Gather all lines in the records below that include the word "diagram".

### Data to process
▬▬▬▬▬▬▬▬▬▬
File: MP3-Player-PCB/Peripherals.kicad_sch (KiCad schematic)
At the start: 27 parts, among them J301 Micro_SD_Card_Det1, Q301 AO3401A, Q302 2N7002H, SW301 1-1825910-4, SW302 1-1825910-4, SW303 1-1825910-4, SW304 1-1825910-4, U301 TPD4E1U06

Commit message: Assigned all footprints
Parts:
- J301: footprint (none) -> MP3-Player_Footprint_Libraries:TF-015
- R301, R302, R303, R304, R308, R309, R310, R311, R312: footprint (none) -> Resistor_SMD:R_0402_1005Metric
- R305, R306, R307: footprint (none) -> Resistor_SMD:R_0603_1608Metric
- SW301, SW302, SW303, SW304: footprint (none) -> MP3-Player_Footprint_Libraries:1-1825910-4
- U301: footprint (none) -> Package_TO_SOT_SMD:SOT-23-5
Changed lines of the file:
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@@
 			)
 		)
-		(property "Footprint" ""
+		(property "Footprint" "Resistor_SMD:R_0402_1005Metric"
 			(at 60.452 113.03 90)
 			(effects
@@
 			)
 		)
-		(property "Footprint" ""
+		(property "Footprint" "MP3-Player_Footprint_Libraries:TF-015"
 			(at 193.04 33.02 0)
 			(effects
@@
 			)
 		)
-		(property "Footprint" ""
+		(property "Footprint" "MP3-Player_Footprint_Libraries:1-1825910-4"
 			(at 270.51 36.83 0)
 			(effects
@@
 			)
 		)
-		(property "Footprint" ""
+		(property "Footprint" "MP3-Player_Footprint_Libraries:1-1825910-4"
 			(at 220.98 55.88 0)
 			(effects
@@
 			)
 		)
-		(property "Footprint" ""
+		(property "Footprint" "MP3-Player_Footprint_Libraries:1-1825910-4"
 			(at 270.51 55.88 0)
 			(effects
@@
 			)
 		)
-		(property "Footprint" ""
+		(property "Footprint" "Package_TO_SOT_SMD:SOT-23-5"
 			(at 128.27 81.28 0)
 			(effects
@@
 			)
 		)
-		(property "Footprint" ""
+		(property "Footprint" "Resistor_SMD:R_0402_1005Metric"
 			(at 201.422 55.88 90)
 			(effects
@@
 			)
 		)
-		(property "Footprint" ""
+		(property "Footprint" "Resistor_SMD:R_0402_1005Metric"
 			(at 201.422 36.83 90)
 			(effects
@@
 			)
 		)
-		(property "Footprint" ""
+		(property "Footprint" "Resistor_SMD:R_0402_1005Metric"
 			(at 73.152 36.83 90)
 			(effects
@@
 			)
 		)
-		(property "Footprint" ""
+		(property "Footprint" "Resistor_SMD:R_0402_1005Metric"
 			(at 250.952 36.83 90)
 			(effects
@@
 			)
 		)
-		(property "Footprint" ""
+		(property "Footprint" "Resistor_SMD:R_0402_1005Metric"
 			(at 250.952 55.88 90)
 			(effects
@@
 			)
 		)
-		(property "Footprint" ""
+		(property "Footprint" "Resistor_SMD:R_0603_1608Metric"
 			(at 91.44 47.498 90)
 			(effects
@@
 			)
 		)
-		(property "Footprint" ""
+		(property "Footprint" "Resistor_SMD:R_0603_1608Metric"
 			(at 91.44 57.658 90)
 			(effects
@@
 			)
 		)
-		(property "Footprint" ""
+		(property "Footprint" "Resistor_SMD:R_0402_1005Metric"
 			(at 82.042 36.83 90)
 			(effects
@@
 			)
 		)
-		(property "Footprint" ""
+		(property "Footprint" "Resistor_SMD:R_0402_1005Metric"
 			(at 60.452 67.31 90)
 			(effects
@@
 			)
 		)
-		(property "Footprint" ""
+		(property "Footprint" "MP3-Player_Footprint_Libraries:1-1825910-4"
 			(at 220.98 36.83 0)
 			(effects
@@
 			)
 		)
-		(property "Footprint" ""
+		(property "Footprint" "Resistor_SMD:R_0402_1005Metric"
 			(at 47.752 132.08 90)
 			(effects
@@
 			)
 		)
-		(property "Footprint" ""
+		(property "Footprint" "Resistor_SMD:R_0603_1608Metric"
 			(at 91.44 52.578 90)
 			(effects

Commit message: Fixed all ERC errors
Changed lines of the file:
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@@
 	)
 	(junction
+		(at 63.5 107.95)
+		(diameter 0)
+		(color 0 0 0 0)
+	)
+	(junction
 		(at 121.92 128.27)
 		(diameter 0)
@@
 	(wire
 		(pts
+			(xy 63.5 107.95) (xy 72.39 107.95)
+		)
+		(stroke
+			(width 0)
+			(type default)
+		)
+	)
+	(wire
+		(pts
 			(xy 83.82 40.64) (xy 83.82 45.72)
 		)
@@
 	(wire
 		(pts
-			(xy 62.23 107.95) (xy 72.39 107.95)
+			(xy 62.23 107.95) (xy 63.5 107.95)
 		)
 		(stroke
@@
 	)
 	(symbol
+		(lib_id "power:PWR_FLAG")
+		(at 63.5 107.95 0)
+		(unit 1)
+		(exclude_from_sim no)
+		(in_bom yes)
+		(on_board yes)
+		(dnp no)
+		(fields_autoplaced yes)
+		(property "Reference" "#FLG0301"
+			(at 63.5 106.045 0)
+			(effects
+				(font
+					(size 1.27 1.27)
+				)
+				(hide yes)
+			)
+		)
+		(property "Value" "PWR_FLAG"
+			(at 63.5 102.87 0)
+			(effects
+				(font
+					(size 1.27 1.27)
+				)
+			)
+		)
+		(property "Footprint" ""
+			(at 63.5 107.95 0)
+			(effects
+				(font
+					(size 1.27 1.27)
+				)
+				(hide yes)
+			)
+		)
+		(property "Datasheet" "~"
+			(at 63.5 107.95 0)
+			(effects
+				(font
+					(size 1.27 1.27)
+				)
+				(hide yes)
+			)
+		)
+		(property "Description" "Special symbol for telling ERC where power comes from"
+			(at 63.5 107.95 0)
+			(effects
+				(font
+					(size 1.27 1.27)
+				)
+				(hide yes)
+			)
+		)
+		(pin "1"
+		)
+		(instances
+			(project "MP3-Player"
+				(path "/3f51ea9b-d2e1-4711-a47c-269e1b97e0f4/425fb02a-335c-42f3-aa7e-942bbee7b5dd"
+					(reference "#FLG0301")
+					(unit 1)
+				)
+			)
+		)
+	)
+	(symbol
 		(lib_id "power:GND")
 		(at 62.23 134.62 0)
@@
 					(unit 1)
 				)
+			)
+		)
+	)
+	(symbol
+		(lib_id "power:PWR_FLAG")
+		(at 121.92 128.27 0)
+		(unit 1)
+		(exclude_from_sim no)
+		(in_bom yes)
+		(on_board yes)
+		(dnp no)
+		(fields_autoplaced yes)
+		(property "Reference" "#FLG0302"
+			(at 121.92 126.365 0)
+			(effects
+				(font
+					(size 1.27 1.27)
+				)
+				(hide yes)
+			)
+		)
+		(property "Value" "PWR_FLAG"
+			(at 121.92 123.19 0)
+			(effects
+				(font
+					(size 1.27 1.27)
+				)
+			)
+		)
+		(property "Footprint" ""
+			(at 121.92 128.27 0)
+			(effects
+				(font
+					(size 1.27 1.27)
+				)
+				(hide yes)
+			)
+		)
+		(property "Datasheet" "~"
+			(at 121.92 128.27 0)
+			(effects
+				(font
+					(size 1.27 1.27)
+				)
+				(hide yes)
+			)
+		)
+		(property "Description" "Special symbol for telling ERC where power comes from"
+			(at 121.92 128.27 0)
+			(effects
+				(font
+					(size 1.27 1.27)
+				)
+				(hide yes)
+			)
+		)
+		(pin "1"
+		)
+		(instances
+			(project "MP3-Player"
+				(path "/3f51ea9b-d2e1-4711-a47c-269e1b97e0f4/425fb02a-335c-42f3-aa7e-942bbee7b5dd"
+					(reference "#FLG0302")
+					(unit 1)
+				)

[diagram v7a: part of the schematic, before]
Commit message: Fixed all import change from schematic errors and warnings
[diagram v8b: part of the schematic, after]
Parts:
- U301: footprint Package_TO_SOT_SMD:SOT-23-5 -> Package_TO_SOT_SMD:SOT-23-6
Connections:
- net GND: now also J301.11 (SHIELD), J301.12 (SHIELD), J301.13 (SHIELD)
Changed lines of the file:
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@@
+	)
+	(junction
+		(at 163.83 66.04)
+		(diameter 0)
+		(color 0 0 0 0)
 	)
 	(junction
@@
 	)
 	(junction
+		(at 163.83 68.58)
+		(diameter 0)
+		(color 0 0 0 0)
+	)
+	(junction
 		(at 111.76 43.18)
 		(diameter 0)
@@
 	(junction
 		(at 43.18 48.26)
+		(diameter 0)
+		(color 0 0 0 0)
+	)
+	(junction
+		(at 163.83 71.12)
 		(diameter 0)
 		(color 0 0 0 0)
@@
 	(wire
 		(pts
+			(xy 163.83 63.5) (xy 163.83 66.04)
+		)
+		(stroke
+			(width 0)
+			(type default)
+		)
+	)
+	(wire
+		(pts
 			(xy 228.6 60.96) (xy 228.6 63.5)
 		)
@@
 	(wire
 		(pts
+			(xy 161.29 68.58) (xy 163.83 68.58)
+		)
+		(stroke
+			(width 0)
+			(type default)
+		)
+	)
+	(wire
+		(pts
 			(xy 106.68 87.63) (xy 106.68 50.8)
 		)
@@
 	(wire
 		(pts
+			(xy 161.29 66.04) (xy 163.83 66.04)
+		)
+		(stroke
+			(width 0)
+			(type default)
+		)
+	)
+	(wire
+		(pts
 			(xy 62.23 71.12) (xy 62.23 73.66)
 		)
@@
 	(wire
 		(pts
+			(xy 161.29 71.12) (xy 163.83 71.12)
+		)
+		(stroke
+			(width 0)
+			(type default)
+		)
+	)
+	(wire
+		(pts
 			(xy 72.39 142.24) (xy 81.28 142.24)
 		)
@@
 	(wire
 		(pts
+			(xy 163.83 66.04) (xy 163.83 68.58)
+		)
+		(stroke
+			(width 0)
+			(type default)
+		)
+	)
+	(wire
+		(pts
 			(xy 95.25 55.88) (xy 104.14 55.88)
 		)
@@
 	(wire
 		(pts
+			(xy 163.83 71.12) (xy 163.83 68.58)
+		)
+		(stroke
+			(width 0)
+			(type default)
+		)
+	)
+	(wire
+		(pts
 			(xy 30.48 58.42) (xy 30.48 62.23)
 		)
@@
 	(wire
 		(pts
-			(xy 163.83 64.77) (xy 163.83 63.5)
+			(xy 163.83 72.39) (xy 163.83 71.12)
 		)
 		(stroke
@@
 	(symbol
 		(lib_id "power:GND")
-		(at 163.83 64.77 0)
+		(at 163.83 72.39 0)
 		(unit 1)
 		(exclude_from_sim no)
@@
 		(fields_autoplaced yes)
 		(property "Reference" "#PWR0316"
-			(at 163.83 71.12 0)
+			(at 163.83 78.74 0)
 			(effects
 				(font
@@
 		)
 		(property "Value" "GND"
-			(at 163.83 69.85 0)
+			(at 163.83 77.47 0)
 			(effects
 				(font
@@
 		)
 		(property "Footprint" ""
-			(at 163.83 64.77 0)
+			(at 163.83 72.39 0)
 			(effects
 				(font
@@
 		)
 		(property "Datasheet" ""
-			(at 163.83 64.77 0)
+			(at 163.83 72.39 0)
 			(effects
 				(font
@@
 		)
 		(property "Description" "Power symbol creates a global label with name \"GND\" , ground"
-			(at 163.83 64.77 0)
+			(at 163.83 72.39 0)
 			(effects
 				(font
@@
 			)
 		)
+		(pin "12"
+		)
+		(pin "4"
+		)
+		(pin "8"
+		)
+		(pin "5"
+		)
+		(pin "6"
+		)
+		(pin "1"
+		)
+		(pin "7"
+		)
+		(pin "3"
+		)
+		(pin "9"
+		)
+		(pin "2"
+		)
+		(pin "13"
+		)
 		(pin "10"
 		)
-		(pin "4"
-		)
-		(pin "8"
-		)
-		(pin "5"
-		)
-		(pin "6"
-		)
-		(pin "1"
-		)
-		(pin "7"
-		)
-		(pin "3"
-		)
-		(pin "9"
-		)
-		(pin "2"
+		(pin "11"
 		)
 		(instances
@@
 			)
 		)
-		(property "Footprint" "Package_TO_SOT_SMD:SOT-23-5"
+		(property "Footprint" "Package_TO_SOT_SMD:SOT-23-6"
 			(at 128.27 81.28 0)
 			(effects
▬▬▬▬▬▬▬▬▬▬
### Written reply
[diagram v7a: part of the schematic, before]
[diagram v8b: part of the schematic, after]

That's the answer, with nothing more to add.